それに神殿長御自らの紹介だ。新聞で求人を探すよりも、ずっと安心安全であろう。
「ぜひ、お願いします!」
だからクシェルは、素直に頭を下げた。
本当は不安だったのだ。世間知らずな自分が、たった一人で生きて行けるのだろうか、と。

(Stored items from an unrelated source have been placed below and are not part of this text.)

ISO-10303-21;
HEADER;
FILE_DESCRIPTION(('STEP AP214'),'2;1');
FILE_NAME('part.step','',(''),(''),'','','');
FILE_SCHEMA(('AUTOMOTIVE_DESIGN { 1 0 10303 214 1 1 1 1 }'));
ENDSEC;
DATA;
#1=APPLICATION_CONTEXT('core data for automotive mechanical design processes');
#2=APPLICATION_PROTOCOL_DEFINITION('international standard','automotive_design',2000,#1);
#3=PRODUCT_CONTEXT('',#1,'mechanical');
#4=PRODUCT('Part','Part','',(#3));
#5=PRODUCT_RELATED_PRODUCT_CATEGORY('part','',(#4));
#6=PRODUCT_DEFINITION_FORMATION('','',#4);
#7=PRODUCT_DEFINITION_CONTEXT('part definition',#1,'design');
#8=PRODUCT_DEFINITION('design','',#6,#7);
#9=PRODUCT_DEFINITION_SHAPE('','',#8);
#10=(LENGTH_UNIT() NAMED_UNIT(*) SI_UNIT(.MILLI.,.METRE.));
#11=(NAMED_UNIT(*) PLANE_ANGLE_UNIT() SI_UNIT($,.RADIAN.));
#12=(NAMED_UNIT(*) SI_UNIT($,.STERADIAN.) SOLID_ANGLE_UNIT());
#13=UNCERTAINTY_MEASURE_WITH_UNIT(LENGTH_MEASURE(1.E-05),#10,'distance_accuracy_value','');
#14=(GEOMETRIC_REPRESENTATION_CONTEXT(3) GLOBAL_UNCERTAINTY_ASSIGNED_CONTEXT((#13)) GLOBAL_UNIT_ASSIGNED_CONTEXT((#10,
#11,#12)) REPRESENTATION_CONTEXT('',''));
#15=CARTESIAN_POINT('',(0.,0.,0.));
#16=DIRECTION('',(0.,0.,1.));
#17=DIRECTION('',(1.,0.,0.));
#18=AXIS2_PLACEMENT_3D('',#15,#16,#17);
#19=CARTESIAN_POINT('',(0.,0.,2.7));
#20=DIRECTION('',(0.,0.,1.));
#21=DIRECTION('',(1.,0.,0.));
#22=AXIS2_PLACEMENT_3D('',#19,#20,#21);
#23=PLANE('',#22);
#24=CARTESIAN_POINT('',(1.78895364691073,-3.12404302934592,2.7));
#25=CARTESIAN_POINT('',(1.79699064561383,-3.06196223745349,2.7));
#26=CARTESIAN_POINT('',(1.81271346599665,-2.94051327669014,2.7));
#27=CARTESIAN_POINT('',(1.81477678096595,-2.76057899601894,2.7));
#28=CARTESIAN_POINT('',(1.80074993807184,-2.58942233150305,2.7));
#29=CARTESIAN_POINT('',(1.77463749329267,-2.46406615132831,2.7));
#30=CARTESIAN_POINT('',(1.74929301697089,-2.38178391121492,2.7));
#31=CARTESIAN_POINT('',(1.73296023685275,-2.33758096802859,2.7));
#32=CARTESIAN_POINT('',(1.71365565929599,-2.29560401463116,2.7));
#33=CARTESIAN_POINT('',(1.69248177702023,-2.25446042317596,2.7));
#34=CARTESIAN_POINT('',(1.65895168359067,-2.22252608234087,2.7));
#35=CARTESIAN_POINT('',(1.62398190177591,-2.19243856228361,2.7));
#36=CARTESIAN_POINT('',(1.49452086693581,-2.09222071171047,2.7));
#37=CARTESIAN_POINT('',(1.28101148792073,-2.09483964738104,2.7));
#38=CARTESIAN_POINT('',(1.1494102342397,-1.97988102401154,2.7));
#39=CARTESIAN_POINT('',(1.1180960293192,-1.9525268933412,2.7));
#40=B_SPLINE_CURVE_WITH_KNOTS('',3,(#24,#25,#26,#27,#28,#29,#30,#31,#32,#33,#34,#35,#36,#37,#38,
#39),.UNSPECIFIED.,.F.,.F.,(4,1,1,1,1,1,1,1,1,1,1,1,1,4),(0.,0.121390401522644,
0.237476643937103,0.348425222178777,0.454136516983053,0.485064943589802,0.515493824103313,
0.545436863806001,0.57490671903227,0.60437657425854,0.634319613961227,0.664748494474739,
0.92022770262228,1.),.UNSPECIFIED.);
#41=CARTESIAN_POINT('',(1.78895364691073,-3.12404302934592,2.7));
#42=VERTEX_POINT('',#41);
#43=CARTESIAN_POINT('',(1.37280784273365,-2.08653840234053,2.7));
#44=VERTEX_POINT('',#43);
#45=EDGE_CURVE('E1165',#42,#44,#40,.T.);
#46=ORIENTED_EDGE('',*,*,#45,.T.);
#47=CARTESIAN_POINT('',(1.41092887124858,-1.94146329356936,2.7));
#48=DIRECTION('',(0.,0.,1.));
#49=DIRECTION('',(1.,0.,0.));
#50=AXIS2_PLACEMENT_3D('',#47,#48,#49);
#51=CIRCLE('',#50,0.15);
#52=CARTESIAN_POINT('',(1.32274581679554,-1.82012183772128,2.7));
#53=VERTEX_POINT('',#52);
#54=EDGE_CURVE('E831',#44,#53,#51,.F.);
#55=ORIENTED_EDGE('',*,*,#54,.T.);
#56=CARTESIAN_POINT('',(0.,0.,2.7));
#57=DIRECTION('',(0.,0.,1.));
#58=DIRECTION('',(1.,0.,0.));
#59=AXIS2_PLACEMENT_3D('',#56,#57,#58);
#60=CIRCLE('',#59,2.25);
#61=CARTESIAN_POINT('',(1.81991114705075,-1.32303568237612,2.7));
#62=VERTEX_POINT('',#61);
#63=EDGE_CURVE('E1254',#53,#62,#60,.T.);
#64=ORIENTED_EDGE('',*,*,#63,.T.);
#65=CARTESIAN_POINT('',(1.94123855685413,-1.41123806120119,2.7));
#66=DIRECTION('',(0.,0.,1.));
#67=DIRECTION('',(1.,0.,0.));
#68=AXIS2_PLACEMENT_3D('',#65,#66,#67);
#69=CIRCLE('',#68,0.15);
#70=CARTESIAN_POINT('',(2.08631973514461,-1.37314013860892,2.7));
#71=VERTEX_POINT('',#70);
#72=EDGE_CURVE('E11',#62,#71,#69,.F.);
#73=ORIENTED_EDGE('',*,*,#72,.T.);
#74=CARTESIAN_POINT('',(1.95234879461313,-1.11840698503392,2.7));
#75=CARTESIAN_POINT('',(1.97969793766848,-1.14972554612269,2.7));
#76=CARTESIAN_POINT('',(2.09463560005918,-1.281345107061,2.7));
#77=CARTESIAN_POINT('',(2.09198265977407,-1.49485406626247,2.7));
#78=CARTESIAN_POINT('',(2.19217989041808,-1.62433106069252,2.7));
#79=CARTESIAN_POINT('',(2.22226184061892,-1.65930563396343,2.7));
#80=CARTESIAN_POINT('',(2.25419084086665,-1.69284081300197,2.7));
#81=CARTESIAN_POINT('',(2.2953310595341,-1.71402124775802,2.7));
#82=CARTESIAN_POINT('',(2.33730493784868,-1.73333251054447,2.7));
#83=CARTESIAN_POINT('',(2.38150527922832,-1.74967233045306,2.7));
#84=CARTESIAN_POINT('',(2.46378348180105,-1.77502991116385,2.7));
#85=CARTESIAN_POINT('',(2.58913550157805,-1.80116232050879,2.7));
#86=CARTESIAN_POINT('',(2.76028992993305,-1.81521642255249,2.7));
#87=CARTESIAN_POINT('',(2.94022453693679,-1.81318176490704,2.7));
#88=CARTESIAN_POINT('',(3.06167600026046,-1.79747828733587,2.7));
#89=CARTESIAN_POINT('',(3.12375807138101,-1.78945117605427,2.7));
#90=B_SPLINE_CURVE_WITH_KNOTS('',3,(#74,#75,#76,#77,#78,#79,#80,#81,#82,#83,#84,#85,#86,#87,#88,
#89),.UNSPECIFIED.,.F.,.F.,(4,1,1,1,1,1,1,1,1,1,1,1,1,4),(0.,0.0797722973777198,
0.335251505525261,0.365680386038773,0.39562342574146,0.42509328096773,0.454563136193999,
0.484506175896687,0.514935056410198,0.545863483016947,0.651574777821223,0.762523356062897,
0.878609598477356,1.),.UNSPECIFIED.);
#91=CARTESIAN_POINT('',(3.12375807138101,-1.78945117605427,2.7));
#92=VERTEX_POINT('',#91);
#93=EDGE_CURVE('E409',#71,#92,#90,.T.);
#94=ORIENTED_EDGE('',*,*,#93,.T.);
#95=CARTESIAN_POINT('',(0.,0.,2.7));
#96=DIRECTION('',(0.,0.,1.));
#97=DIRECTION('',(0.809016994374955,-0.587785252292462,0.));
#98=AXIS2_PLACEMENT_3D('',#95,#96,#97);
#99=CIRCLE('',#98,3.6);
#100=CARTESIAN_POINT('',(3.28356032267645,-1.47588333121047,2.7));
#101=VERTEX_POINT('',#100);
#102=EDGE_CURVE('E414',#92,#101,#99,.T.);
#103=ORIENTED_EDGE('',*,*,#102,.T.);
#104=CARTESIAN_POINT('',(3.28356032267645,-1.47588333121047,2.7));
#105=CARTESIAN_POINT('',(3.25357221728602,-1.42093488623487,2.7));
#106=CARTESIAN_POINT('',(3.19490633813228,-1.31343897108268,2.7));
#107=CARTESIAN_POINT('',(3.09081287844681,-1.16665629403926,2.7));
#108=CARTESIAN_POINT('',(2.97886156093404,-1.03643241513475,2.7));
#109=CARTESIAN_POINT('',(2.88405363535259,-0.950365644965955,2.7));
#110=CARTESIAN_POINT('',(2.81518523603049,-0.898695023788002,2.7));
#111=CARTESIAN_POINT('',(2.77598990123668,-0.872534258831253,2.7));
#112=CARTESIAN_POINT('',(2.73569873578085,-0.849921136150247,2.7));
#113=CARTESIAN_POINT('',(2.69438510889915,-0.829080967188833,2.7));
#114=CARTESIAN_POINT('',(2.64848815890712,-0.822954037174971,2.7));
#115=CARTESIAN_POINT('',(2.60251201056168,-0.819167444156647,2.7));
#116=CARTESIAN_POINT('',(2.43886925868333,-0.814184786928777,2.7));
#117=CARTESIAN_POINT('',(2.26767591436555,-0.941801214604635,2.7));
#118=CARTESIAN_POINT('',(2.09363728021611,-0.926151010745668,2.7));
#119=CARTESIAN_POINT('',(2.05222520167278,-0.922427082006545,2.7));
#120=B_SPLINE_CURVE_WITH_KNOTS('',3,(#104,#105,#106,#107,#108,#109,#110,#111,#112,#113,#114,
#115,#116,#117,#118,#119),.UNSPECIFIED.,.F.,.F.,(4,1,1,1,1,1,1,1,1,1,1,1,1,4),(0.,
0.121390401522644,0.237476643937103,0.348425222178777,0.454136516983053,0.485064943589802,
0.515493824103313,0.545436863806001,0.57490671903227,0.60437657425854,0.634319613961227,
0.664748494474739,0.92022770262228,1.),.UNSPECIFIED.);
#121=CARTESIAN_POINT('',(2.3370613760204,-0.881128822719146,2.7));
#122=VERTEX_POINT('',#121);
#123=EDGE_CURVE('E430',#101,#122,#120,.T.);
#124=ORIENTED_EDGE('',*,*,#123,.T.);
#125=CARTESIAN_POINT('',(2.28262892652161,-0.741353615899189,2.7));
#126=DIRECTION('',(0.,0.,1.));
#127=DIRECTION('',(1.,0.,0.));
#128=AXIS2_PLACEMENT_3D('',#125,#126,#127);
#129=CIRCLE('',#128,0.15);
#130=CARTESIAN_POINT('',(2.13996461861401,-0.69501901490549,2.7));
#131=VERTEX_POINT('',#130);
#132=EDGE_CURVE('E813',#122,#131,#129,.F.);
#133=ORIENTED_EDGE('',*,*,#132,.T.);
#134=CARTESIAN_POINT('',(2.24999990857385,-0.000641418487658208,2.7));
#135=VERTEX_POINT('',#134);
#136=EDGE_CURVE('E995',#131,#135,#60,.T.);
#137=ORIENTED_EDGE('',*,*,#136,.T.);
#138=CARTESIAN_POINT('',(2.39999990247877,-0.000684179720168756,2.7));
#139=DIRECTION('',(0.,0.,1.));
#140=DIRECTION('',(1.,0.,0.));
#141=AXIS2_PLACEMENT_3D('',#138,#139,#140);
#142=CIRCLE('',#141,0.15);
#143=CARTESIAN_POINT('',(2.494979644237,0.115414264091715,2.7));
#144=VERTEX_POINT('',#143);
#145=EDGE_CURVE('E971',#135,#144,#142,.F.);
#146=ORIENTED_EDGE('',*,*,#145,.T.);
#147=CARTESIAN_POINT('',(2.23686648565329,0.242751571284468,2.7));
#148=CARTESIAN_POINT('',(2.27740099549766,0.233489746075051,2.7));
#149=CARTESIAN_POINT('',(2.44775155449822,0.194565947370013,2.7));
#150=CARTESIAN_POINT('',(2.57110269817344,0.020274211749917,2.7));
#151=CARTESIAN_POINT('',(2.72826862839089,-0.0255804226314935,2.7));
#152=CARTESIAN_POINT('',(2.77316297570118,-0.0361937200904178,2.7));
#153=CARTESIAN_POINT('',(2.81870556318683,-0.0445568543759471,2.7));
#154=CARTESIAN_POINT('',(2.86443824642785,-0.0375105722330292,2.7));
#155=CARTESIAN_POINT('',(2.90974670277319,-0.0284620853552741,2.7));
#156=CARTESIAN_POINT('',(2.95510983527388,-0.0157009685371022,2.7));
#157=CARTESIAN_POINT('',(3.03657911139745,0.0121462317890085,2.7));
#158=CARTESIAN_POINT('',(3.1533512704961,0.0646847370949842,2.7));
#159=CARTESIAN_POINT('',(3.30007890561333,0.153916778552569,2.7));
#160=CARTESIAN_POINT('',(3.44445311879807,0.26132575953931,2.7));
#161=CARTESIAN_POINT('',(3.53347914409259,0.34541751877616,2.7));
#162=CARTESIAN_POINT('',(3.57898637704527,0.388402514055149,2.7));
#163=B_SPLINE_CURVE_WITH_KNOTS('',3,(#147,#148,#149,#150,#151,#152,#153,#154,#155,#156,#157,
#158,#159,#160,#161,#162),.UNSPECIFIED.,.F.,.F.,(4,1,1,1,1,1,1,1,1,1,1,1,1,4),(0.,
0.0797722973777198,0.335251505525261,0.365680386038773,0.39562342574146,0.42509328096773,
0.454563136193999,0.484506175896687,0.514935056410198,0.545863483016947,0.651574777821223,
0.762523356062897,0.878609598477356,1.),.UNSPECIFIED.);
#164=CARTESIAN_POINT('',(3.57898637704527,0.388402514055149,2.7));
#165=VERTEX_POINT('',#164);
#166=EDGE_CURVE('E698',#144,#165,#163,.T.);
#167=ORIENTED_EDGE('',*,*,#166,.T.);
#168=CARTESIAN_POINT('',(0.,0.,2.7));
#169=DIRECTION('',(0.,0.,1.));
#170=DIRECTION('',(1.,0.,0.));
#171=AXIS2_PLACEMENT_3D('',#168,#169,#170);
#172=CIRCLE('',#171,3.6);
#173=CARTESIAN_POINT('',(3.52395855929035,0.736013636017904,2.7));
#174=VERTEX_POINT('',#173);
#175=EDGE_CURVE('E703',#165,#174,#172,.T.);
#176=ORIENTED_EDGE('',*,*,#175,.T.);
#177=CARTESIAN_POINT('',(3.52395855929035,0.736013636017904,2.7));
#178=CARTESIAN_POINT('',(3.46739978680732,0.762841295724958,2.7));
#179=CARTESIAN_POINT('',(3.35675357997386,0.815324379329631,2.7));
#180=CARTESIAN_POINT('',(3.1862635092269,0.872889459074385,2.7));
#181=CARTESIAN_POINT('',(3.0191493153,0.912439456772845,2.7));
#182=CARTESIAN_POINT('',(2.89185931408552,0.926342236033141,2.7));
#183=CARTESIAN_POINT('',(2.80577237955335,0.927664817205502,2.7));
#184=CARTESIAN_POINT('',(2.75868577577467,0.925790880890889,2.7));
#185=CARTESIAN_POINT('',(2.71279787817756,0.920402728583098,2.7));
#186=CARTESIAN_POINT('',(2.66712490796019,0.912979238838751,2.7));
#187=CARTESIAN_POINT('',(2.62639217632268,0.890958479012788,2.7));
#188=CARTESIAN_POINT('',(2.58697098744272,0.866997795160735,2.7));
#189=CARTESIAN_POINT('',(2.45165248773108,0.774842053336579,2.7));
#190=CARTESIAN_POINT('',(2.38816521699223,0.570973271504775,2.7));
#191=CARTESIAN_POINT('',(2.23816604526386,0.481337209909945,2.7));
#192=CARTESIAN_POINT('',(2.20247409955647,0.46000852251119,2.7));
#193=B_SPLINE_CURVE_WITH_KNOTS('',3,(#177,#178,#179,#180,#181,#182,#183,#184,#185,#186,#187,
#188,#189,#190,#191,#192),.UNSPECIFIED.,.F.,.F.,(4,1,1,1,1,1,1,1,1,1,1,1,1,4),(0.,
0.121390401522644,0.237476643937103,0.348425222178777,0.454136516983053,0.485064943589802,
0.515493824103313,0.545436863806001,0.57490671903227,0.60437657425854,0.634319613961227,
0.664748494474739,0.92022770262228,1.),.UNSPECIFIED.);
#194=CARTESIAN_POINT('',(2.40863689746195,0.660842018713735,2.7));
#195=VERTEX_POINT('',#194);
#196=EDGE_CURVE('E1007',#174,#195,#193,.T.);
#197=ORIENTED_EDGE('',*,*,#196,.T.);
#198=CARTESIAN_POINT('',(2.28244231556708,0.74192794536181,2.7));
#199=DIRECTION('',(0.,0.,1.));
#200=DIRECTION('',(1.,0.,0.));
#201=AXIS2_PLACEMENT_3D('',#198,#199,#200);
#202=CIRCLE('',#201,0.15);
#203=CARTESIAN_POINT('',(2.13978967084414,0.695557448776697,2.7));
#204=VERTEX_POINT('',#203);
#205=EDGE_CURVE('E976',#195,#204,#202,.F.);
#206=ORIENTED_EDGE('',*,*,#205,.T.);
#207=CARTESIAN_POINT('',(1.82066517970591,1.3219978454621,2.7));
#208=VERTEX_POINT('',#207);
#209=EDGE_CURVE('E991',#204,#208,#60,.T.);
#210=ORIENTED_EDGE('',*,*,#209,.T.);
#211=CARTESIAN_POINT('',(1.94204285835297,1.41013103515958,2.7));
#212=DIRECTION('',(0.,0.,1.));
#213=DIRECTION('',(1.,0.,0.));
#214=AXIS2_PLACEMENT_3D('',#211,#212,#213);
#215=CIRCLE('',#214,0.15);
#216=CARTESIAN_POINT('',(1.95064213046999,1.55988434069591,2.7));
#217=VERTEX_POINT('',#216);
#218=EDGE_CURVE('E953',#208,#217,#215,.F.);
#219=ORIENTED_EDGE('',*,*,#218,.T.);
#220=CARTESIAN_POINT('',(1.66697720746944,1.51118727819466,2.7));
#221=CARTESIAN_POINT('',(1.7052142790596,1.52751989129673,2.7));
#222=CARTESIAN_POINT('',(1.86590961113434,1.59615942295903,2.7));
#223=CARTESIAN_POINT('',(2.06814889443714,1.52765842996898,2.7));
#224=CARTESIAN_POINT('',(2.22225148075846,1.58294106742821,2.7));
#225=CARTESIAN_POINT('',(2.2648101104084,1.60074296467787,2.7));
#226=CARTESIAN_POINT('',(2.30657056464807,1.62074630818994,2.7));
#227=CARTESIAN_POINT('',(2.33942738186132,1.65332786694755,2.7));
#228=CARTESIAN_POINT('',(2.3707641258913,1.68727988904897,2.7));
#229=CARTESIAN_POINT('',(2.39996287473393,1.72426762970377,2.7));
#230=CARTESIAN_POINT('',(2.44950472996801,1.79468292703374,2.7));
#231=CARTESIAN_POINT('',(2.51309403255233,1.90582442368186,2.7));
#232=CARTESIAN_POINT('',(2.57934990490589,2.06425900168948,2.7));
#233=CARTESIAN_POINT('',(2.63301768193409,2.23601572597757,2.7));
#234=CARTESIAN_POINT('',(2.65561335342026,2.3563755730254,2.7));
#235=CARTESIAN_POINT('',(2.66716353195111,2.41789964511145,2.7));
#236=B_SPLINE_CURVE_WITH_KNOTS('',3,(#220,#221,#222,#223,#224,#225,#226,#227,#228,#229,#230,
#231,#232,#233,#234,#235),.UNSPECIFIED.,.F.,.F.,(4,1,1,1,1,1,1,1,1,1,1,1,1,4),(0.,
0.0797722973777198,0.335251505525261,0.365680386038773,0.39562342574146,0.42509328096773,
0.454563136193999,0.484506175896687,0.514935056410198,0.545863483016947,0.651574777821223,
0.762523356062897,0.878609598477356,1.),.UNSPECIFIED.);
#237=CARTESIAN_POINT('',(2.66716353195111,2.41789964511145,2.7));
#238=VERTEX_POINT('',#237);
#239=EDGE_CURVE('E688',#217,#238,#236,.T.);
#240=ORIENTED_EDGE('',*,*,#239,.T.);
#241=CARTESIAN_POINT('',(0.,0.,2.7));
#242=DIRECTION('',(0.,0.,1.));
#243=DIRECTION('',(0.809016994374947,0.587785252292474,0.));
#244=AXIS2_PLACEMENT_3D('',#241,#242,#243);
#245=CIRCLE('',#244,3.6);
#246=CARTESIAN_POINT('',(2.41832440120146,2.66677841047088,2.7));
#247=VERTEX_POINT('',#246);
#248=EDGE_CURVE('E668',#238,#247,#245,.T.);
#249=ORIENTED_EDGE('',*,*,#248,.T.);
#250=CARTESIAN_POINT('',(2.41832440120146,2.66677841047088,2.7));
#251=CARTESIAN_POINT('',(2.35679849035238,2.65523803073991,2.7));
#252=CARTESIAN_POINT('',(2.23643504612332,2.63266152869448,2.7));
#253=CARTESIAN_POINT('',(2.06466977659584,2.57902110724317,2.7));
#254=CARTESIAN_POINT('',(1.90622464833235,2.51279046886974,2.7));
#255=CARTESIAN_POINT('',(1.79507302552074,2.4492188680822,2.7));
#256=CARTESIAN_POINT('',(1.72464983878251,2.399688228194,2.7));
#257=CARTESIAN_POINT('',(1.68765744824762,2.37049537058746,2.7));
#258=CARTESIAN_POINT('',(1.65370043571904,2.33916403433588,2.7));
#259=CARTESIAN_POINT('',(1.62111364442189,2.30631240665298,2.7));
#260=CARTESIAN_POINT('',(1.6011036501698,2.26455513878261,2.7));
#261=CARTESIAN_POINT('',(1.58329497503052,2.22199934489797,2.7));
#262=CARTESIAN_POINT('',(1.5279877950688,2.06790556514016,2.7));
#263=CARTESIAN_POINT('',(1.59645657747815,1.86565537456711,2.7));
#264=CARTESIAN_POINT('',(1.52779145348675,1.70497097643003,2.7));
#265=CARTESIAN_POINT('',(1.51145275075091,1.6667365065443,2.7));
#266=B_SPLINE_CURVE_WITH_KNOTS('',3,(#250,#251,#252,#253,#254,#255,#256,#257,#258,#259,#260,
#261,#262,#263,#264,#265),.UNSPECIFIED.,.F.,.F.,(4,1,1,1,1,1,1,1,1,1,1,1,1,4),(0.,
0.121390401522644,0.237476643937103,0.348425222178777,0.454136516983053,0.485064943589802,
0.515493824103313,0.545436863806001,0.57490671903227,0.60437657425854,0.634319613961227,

せめて最初だけでも、手助けしてもらえるのはありがたかった。
しばらくして頭を持ち上げると、神殿長は彼女を見つめて微笑んでいた。どこか悲しそうな笑みだ。
「あなたは本当に向こう見ずなんですから……これからも、あなたに精霊様のご加護があることを祈っていますからね」
そっと、頬を撫でられる。
「食堂には、私から連絡を入れておきます。詳細はまた追って、お伝えいたしますが――街に出ても、元気に暮らすのですよ?」
神殿長はクシェルたち巫女にとって、尊敬すべき上司でもあり、そして親代わりでもあった。
そんな彼女を裏切ったことに、今更ながら心が痛む。クシェルは視線を、床に落とした。
「ありがとうございます。そして、すみませんでした。こんなことをやらかして」
「全くですよ。話を聞いた時、心臓が止まるかと思いました」
情けない表情になったクシェルへ、神殿長は先程よりも温かな笑顔を向ける。
次いで、年齢の割に幼い仕草で首をかしげた。
「スヴァルトさんは、責任を取るとおっしゃっていましたが」
「ですね」
「それに、そういった旨の手紙も、神殿に届いております」
「なんと。そこまでしてくれてたんですか」
律義な人だ、とクシェルはつい苦笑。
「ええ。手紙は私の方で預かっておりますが……結婚という選択肢も、あなたにはあるのですよ?」
躊躇なく、クシェルは首を真横に振る。
「いえ。なし崩しで関係を結んだ挙句、なし崩しで結婚するのは、さすがに嫌です。それにスヴァルト君だって、他にちゃんと、好きな人ぐらいいるでしょうし」
ひょっとしたら、恋人だっていたかもしれない。だとしたら、ますますもって申し訳ない。
クシェルとの一件のせいで、遠距離恋愛あるいは破局の憂き目に遭ったかもしれないのだ。
それにクシェルも、幸いにして妊娠はしていなかった。騒動の四日後に、月のものが来ていた。
ならば、彼に取ってもらう責任など、どこにもなかった。